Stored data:
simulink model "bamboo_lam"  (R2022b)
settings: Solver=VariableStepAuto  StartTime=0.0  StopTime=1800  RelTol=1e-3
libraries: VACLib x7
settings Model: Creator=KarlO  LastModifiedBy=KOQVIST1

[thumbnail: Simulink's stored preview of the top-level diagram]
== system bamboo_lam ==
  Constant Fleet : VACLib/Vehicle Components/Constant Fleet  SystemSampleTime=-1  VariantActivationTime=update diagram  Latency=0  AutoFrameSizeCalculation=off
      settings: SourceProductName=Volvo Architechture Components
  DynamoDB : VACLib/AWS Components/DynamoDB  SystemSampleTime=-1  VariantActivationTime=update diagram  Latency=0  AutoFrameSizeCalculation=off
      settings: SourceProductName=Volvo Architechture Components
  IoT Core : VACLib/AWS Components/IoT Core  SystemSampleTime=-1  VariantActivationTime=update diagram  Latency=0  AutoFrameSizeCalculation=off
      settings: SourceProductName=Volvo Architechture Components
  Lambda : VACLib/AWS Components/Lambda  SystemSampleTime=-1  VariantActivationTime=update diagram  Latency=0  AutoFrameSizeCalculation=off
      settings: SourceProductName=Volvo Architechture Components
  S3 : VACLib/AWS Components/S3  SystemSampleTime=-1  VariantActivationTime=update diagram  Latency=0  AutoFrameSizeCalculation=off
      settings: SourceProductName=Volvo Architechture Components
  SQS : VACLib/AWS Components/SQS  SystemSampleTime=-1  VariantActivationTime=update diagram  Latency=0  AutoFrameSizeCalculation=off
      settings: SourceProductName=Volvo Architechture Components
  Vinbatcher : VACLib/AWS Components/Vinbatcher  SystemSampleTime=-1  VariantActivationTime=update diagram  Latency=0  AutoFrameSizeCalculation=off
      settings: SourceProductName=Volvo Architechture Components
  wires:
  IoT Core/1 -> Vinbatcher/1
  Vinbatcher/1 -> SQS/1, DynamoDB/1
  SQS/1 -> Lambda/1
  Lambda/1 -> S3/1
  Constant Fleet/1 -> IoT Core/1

### Task description
Leaving no line out, return the data above verbatim.

### Finished task
simulink model "bamboo_lam"  (R2022b)
settings: Solver=VariableStepAuto  StartTime=0.0  StopTime=1800  RelTol=1e-3
libraries: VACLib x7
settings Model: Creator=KarlO  LastModifiedBy=KOQVIST1

[thumbnail: Simulink's stored preview of the top-level diagram]
== system bamboo_lam ==
  Constant Fleet : VACLib/Vehicle Components/Constant Fleet  SystemSampleTime=-1  VariantActivationTime=update diagram  Latency=0  AutoFrameSizeCalculation=off
      settings: SourceProductName=Volvo Architechture Components
  DynamoDB : VACLib/AWS Components/DynamoDB  SystemSampleTime=-1  VariantActivationTime=update diagram  Latency=0  AutoFrameSizeCalculation=off
      settings: SourceProductName=Volvo Architechture Components
  IoT Core : VACLib/AWS Components/IoT Core  SystemSampleTime=-1  VariantActivationTime=update diagram  Latency=0  AutoFrameSizeCalculation=off
      settings: SourceProductName=Volvo Architechture Components
  Lambda : VACLib/AWS Components/Lambda  SystemSampleTime=-1  VariantActivationTime=update diagram  Latency=0  AutoFrameSizeCalculation=off
      settings: SourceProductName=Volvo Architechture Components
  S3 : VACLib/AWS Components/S3  SystemSampleTime=-1  VariantActivationTime=update diagram  Latency=0  AutoFrameSizeCalculation=off
      settings: SourceProductName=Volvo Architechture Components
  SQS : VACLib/AWS Components/SQS  SystemSampleTime=-1  VariantActivationTime=update diagram  Latency=0  AutoFrameSizeCalculation=off
      settings: SourceProductName=Volvo Architechture Components
  Vinbatcher : VACLib/AWS Components/Vinbatcher  SystemSampleTime=-1  VariantActivationTime=update diagram  Latency=0  AutoFrameSizeCalculation=off
      settings: SourceProductName=Volvo Architechture Components
  wires:
  IoT Core/1 -> Vinbatcher/1
  Vinbatcher/1 -> SQS/1, DynamoDB/1
  SQS/1 -> Lambda/1
  Lambda/1 -> S3/1
  Constant Fleet/1 -> IoT Core/1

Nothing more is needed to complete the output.